Problem to work on:
What is needed is an exact repetition of the lines from the first one in the data through the line with "#19=CARTESIAN_POINT('',(17.5,-14.,2.5));", with no pictures.

[Records from a collection]
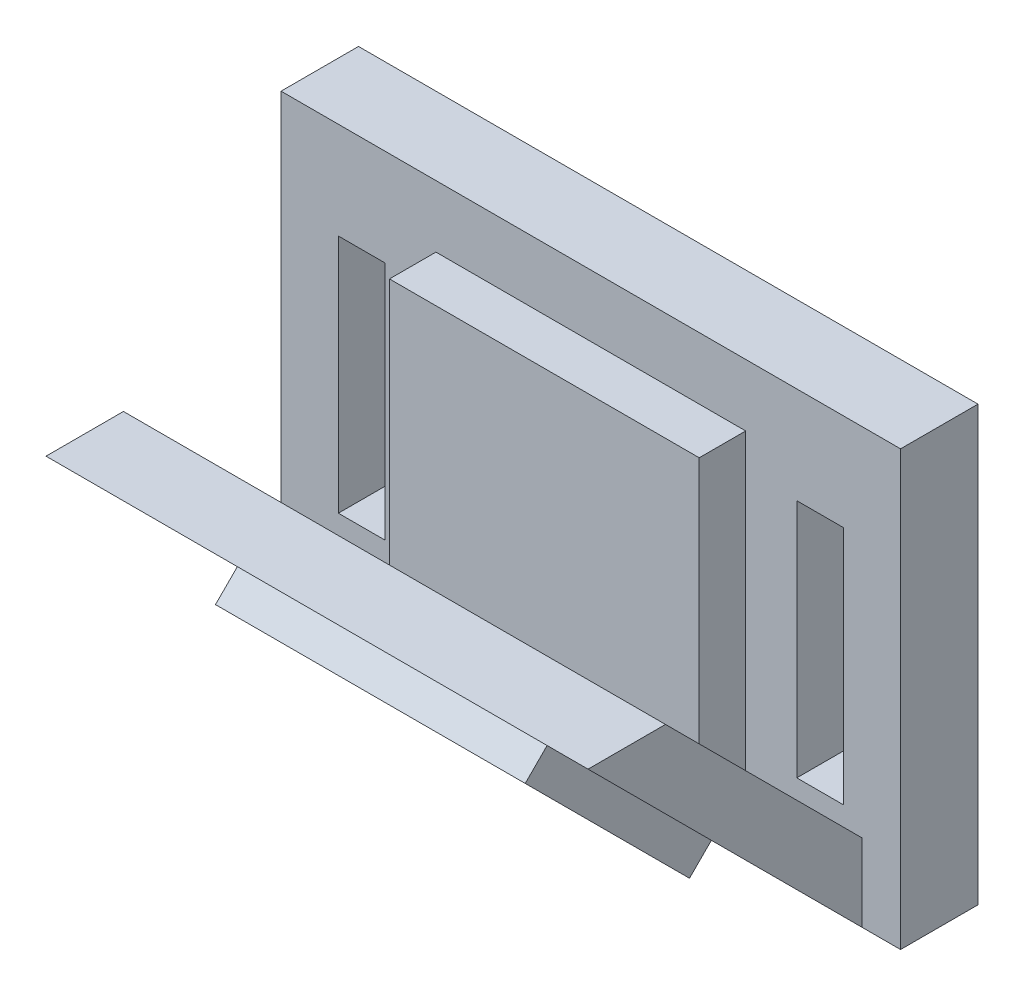
ISO-10303-21;
HEADER;
FILE_DESCRIPTION(('STEP AP214'),'2;1');
FILE_NAME('part.step','',(''),(''),'','','');
FILE_SCHEMA(('AUTOMOTIVE_DESIGN { 1 0 10303 214 1 1 1 1 }'));
ENDSEC;
DATA;
#1=APPLICATION_CONTEXT('core data for automotive mechanical design processes');
#2=APPLICATION_PROTOCOL_DEFINITION('international standard','automotive_design',2000,#1);
#3=PRODUCT_CONTEXT('',#1,'mechanical');
#4=PRODUCT('Part','Part','',(#3));
#5=PRODUCT_RELATED_PRODUCT_CATEGORY('part','',(#4));
#6=PRODUCT_DEFINITION_FORMATION('','',#4);
#7=PRODUCT_DEFINITION_CONTEXT('part definition',#1,'design');
#8=PRODUCT_DEFINITION('design','',#6,#7);
#9=PRODUCT_DEFINITION_SHAPE('','',#8);
#10=(LENGTH_UNIT() NAMED_UNIT(*) SI_UNIT(.MILLI.,.METRE.));
#11=(NAMED_UNIT(*) PLANE_ANGLE_UNIT() SI_UNIT($,.RADIAN.));
#12=(NAMED_UNIT(*) SI_UNIT($,.STERADIAN.) SOLID_ANGLE_UNIT());
#13=UNCERTAINTY_MEASURE_WITH_UNIT(LENGTH_MEASURE(1.E-05),#10,'distance_accuracy_value','');
#14=(GEOMETRIC_REPRESENTATION_CONTEXT(3) GLOBAL_UNCERTAINTY_ASSIGNED_CONTEXT((#13)) GLOBAL_UNIT_ASSIGNED_CONTEXT((#10,
#11,#12)) REPRESENTATION_CONTEXT('',''));
#15=CARTESIAN_POINT('',(0.,0.,0.));
#16=DIRECTION('',(0.,0.,1.));
#17=DIRECTION('',(1.,0.,0.));
#18=AXIS2_PLACEMENT_3D('',#15,#16,#17);
#19=CARTESIAN_POINT('',(17.5,-14.,2.5));
#20=DIRECTION('',(0.,0.707106781186544,-0.707106781186551));
#21=DIRECTION('',(0.,0.707106781186551,0.707106781186544));
#22=AXIS2_PLACEMENT_3D('',#19,#20,#21);
#23=PLANE('',#22);
#24=DIRECTION('',(0.,-0.707106781186551,-0.707106781186544));
#25=VECTOR('',#24,1.);
#26=CARTESIAN_POINT('',(-17.5,-14.,2.5));
#27=LINE('',#26,#25);
#28=CARTESIAN_POINT('',(-17.5,3.67766952966378,20.1776695296636));
#29=VERTEX_POINT('',#28);
#30=CARTESIAN_POINT('',(-17.5,-14.,2.5));
#31=VERTEX_POINT('',#30);
#32=EDGE_CURVE('E240',#29,#31,#27,.T.);
#33=ORIENTED_EDGE('',*,*,#32,.T.);
#34=DIRECTION('',(-1.,0.,0.));
#35=VECTOR('',#34,1.);
#36=CARTESIAN_POINT('',(17.5,-14.,2.5));
#37=LINE('',#36,#35);
#38=CARTESIAN_POINT('',(17.5,-14.,2.5));
#39=VERTEX_POINT('',#38);
#40=EDGE_CURVE('E249',#39,#31,#37,.T.);
#41=ORIENTED_EDGE('',*,*,#40,.F.);
#42=DIRECTION('',(0.,-0.707106781186551,-0.707106781186544));
#43=VECTOR('',#42,1.);
#44=CARTESIAN_POINT('',(17.5,-14.,2.5));
#45=LINE('',#44,#43);
#46=CARTESIAN_POINT('',(17.5,3.67766952966378,20.1776695296636));
#47=VERTEX_POINT('',#46);
#48=EDGE_CURVE('E246',#47,#39,#45,.T.);
#49=ORIENTED_EDGE('',*,*,#48,.F.);
#50=DIRECTION('',(-1.,0.,0.));
#51=VECTOR('',#50,1.);
#52=CARTESIAN_POINT('',(17.5,3.67766952966378,20.1776695296636));
#53=LINE('',#52,#51);
#54=EDGE_CURVE('E261',#47,#29,#53,.T.);
#55=ORIENTED_EDGE('',*,*,#54,.T.);
#56=EDGE_LOOP('',(#33,#41,#49,#55));
#57=FACE_BOUND('',#56,.T.);
#58=DIRECTION('',(0.,-0.707106781186551,-0.707106781186544));
#59=VECTOR('',#58,1.);
#60=CARTESIAN_POINT('',(-10.,-1.17893218813442,15.3210678118655));
#61=LINE('',#60,#59);
#62=CARTESIAN_POINT('',(-10.,-1.17893218813442,15.3210678118655));
#63=VERTEX_POINT('',#62);
#64=CARTESIAN_POINT('',(-10.,-11.7855339059327,4.71446609406729));
#65=VERTEX_POINT('',#64);
#66=EDGE_CURVE('E223',#63,#65,#61,.T.);
#67=ORIENTED_EDGE('',*,*,#66,.F.);
#68=DIRECTION('',(-1.,0.,0.));
#69=VECTOR('',#68,1.);
#70=CARTESIAN_POINT('',(-10.,-1.17893218813442,15.3210678118655));
#71=LINE('',#70,#69);
#72=CARTESIAN_POINT('',(10.,-1.17893218813442,15.3210678118655));
#73=VERTEX_POINT('',#72);
#74=EDGE_CURVE('E220',#73,#63,#71,.T.);
#75=ORIENTED_EDGE('',*,*,#74,.F.);
#76=DIRECTION('',(0.,0.707106781186551,0.707106781186544));
#77=VECTOR('',#76,1.);
#78=CARTESIAN_POINT('',(10.,-1.17893218813442,15.3210678118655));
#79=LINE('',#78,#77);
#80=CARTESIAN_POINT('',(10.,-11.7855339059327,4.71446609406729));
#81=VERTEX_POINT('',#80);
#82=EDGE_CURVE('E60',#81,#73,#79,.T.);
#83=ORIENTED_EDGE('',*,*,#82,.F.);
#84=DIRECTION('',(1.,0.,0.));
#85=VECTOR('',#84,1.);
#86=CARTESIAN_POINT('',(-10.,-11.7855339059327,4.71446609406729));
#87=LINE('',#86,#85);
#88=EDGE_CURVE('E55',#65,#81,#87,.T.);
#89=ORIENTED_EDGE('',*,*,#88,.F.);
#90=EDGE_LOOP('',(#67,#75,#83,#89));
#91=FACE_BOUND('',#90,.T.);
#92=ADVANCED_FACE('F39',(#57,#91),#23,.F.);
#93=CARTESIAN_POINT('',(0.,0.,2.5));
#94=DIRECTION('',(0.,0.,-1.));
#95=DIRECTION('',(-1.,0.,0.));
#96=AXIS2_PLACEMENT_3D('',#93,#94,#95);
#97=PLANE('',#96);
#98=DIRECTION('',(0.,1.,0.));
#99=VECTOR('',#98,1.);
#100=CARTESIAN_POINT('',(16.3,-7.74999999999999,2.5));
#101=LINE('',#100,#99);
#102=CARTESIAN_POINT('',(16.3,-7.74999999999999,2.5));
#103=VERTEX_POINT('',#102);
#104=CARTESIAN_POINT('',(16.3,7.75,2.5));
#105=VERTEX_POINT('',#104);
#106=EDGE_CURVE('E354',#103,#105,#101,.T.);
#107=ORIENTED_EDGE('',*,*,#106,.F.);
#108=DIRECTION('',(1.,0.,0.));
#109=VECTOR('',#108,1.);
#110=CARTESIAN_POINT('',(13.3,-7.74999999999999,2.5));
#111=LINE('',#110,#109);
#112=CARTESIAN_POINT('',(13.3,-7.74999999999999,2.5));
#113=VERTEX_POINT('',#112);
#114=EDGE_CURVE('E365',#113,#103,#111,.T.);
#115=ORIENTED_EDGE('',*,*,#114,.F.);
#116=DIRECTION('',(0.,-1.,0.));
#117=VECTOR('',#116,1.);
#118=CARTESIAN_POINT('',(13.3,-7.74999999999999,2.5));
#119=LINE('',#118,#117);
#120=CARTESIAN_POINT('',(13.3,7.75,2.5));
#121=VERTEX_POINT('',#120);
#122=EDGE_CURVE('E361',#121,#113,#119,.T.);
#123=ORIENTED_EDGE('',*,*,#122,.F.);
#124=DIRECTION('',(-1.,0.,0.));
#125=VECTOR('',#124,1.);
#126=CARTESIAN_POINT('',(13.3,7.75,2.5));
#127=LINE('',#126,#125);
#128=EDGE_CURVE('E357',#105,#121,#127,.T.);
#129=ORIENTED_EDGE('',*,*,#128,.F.);
#130=EDGE_LOOP('',(#107,#115,#123,#129));
#131=FACE_BOUND('',#130,.T.);
#132=DIRECTION('',(0.,1.,0.));
#133=VECTOR('',#132,1.);
#134=CARTESIAN_POINT('',(-13.3,-7.75,2.5));
#135=LINE('',#134,#133);
#136=CARTESIAN_POINT('',(-13.3,-7.75,2.5));
#137=VERTEX_POINT('',#136);
#138=CARTESIAN_POINT('',(-13.3,7.75,2.5));
#139=VERTEX_POINT('',#138);
#140=EDGE_CURVE('E311',#137,#139,#135,.T.);
#141=ORIENTED_EDGE('',*,*,#140,.F.);
#142=DIRECTION('',(1.,0.,0.));
#143=VECTOR('',#142,1.);
#144=CARTESIAN_POINT('',(-16.3,-7.75,2.5));
#145=LINE('',#144,#143);
#146=CARTESIAN_POINT('',(-16.3,-7.75,2.5));
#147=VERTEX_POINT('',#146);
#148=EDGE_CURVE('E322',#147,#137,#145,.T.);
#149=ORIENTED_EDGE('',*,*,#148,.F.);
#150=DIRECTION('',(0.,-1.,0.));
#151=VECTOR('',#150,1.);
#152=CARTESIAN_POINT('',(-16.3,-7.75,2.5));
#153=LINE('',#152,#151);
#154=CARTESIAN_POINT('',(-16.3,7.75,2.5));
#155=VERTEX_POINT('',#154);
#156=EDGE_CURVE('E318',#155,#147,#153,.T.);
#157=ORIENTED_EDGE('',*,*,#156,.F.);
#158=DIRECTION('',(-1.,0.,0.));
#159=VECTOR('',#158,1.);
#160=CARTESIAN_POINT('',(-16.3,7.75,2.5));
#161=LINE('',#160,#159);
#162=EDGE_CURVE('E314',#139,#155,#161,.T.);
#163=ORIENTED_EDGE('',*,*,#162,.F.);
#164=EDGE_LOOP('',(#141,#149,#157,#163));
#165=FACE_BOUND('',#164,.T.);
#166=DIRECTION('',(-1.,0.,0.));
#167=VECTOR('',#166,1.);
#168=CARTESIAN_POINT('',(17.5,-8.99999999999996,2.5));
#169=LINE('',#168,#167);
#170=CARTESIAN_POINT('',(17.5,-8.99999999999996,2.5));
#171=VERTEX_POINT('',#170);
#172=CARTESIAN_POINT('',(10.,-8.99999999999996,2.5));
#173=VERTEX_POINT('',#172);
#174=EDGE_CURVE('E270',#171,#173,#169,.T.);
#175=ORIENTED_EDGE('',*,*,#174,.F.);
#176=DIRECTION('',(0.,1.,0.));
#177=VECTOR('',#176,1.);
#178=CARTESIAN_POINT('',(17.5,-8.99999999999996,2.5));
#179=LINE('',#178,#177);
#180=EDGE_CURVE('E235',#39,#171,#179,.T.);
#181=ORIENTED_EDGE('',*,*,#180,.F.);
#182=DIRECTION('',(1.,0.,0.));
#183=VECTOR('',#182,1.);
#184=CARTESIAN_POINT('',(-20.,-14.,2.5));
#185=LINE('',#184,#183);
#186=CARTESIAN_POINT('',(20.,-14.,2.5));
#187=VERTEX_POINT('',#186);
#188=EDGE_CURVE('E408',#39,#187,#185,.T.);
#189=ORIENTED_EDGE('',*,*,#188,.T.);
#190=DIRECTION('',(0.,1.,0.));
#191=VECTOR('',#190,1.);
#192=CARTESIAN_POINT('',(20.,-14.,2.5));
#193=LINE('',#192,#191);
#194=CARTESIAN_POINT('',(20.,14.,2.5));
#195=VERTEX_POINT('',#194);
#196=EDGE_CURVE('E397',#187,#195,#193,.T.);
#197=ORIENTED_EDGE('',*,*,#196,.T.);
#198=DIRECTION('',(-1.,0.,0.));
#199=VECTOR('',#198,1.);
#200=CARTESIAN_POINT('',(-20.,14.,2.5));
#201=LINE('',#200,#199);
#202=CARTESIAN_POINT('',(-20.,14.,2.5));
#203=VERTEX_POINT('',#202);
#204=EDGE_CURVE('E401',#195,#203,#201,.T.);
#205=ORIENTED_EDGE('',*,*,#204,.T.);
#206=DIRECTION('',(0.,-1.,0.));
#207=VECTOR('',#206,1.);
#208=CARTESIAN_POINT('',(-20.,-14.,2.5));
#209=LINE('',#208,#207);
#210=CARTESIAN_POINT('',(-20.,-14.,2.5));
#211=VERTEX_POINT('',#210);
#212=EDGE_CURVE('E405',#203,#211,#209,.T.);
#213=ORIENTED_EDGE('',*,*,#212,.T.);
#214=EDGE_CURVE('E409',#211,#31,#185,.T.);
#215=ORIENTED_EDGE('',*,*,#214,.T.);
#216=DIRECTION('',(0.,1.,0.));
#217=VECTOR('',#216,1.);
#218=CARTESIAN_POINT('',(-17.5,-8.99999999999996,2.5));
#219=LINE('',#218,#217);
#220=CARTESIAN_POINT('',(-17.5,-8.99999999999996,2.5));
#221=VERTEX_POINT('',#220);
#222=EDGE_CURVE('E225',#31,#221,#219,.T.);
#223=ORIENTED_EDGE('',*,*,#222,.T.);
#224=CARTESIAN_POINT('',(-10.,-8.99999999999996,2.5));
#225=VERTEX_POINT('',#224);
#226=EDGE_CURVE('E269',#225,#221,#169,.T.);
#227=ORIENTED_EDGE('',*,*,#226,.F.);
#228=DIRECTION('',(0.,-1.,0.));
#229=VECTOR('',#228,1.);
#230=CARTESIAN_POINT('',(-10.,-10.,2.5));
#231=LINE('',#230,#229);
#232=CARTESIAN_POINT('',(-10.,10.,2.5));
#233=VERTEX_POINT('',#232);
#234=EDGE_CURVE('E287',#233,#225,#231,.T.);
#235=ORIENTED_EDGE('',*,*,#234,.F.);
#236=DIRECTION('',(-1.,0.,0.));
#237=VECTOR('',#236,1.);
#238=CARTESIAN_POINT('',(-10.,10.,2.5));
#239=LINE('',#238,#237);
#240=CARTESIAN_POINT('',(10.,10.,2.5));
#241=VERTEX_POINT('',#240);
#242=EDGE_CURVE('E296',#241,#233,#239,.T.);
#243=ORIENTED_EDGE('',*,*,#242,.F.);
#244=DIRECTION('',(0.,1.,0.));
#245=VECTOR('',#244,1.);
#246=CARTESIAN_POINT('',(10.,-10.,2.5));
#247=LINE('',#246,#245);
#248=EDGE_CURVE('E282',#173,#241,#247,.T.);
#249=ORIENTED_EDGE('',*,*,#248,.F.);
#250=EDGE_LOOP('',(#175,#181,#189,#197,#205,#213,#215,#223,#227,#235,#243,#249));
#251=FACE_BOUND('',#250,.T.);
#252=ADVANCED_FACE('F460',(#131,#165,#251),#97,.F.);
#253=CARTESIAN_POINT('',(10.,-10.,5.5));
#254=DIRECTION('',(-1.,0.,0.));
#255=DIRECTION('',(0.,0.,1.));
#256=AXIS2_PLACEMENT_3D('',#253,#254,#255);
#257=PLANE('',#256);
#258=DIRECTION('',(0.,0.707106781186551,0.707106781186544));
#259=VECTOR('',#258,1.);
#260=CARTESIAN_POINT('',(10.,-7.99999999999998,3.49999999999996));
#261=LINE('',#260,#259);
#262=CARTESIAN_POINT('',(10.,-5.99999999999993,5.5));
#263=VERTEX_POINT('',#262);
#264=EDGE_CURVE('E278',#173,#263,#261,.T.);
#265=ORIENTED_EDGE('',*,*,#264,.F.);
#266=ORIENTED_EDGE('',*,*,#248,.T.);
#267=DIRECTION('',(0.,0.,-1.));
#268=VECTOR('',#267,1.);
#269=CARTESIAN_POINT('',(10.,10.,5.5));
#270=LINE('',#269,#268);
#271=CARTESIAN_POINT('',(10.,10.,5.5));
#272=VERTEX_POINT('',#271);
#273=EDGE_CURVE('E306',#272,#241,#270,.T.);
#274=ORIENTED_EDGE('',*,*,#273,.F.);
#275=DIRECTION('',(0.,1.,0.));
#276=VECTOR('',#275,1.);
#277=CARTESIAN_POINT('',(10.,-10.,5.5));
#278=LINE('',#277,#276);
#279=EDGE_CURVE('E283',#263,#272,#278,.T.);
#280=ORIENTED_EDGE('',*,*,#279,.F.);
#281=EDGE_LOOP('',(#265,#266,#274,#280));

Output for this exercise:
ISO-10303-21;
HEADER;
FILE_DESCRIPTION(('STEP AP214'),'2;1');
FILE_NAME('part.step','',(''),(''),'','','');
FILE_SCHEMA(('AUTOMOTIVE_DESIGN { 1 0 10303 214 1 1 1 1 }'));
ENDSEC;
DATA;
#1=APPLICATION_CONTEXT('core data for automotive mechanical design processes');
#2=APPLICATION_PROTOCOL_DEFINITION('international standard','automotive_design',2000,#1);
#3=PRODUCT_CONTEXT('',#1,'mechanical');
#4=PRODUCT('Part','Part','',(#3));
#5=PRODUCT_RELATED_PRODUCT_CATEGORY('part','',(#4));
#6=PRODUCT_DEFINITION_FORMATION('','',#4);
#7=PRODUCT_DEFINITION_CONTEXT('part definition',#1,'design');
#8=PRODUCT_DEFINITION('design','',#6,#7);
#9=PRODUCT_DEFINITION_SHAPE('','',#8);
#10=(LENGTH_UNIT() NAMED_UNIT(*) SI_UNIT(.MILLI.,.METRE.));
#11=(NAMED_UNIT(*) PLANE_ANGLE_UNIT() SI_UNIT($,.RADIAN.));
#12=(NAMED_UNIT(*) SI_UNIT($,.STERADIAN.) SOLID_ANGLE_UNIT());
#13=UNCERTAINTY_MEASURE_WITH_UNIT(LENGTH_MEASURE(1.E-05),#10,'distance_accuracy_value','');
#14=(GEOMETRIC_REPRESENTATION_CONTEXT(3) GLOBAL_UNCERTAINTY_ASSIGNED_CONTEXT((#13)) GLOBAL_UNIT_ASSIGNED_CONTEXT((#10,
#11,#12)) REPRESENTATION_CONTEXT('',''));
#15=CARTESIAN_POINT('',(0.,0.,0.));
#16=DIRECTION('',(0.,0.,1.));
#17=DIRECTION('',(1.,0.,0.));
#18=AXIS2_PLACEMENT_3D('',#15,#16,#17);
#19=CARTESIAN_POINT('',(17.5,-14.,2.5));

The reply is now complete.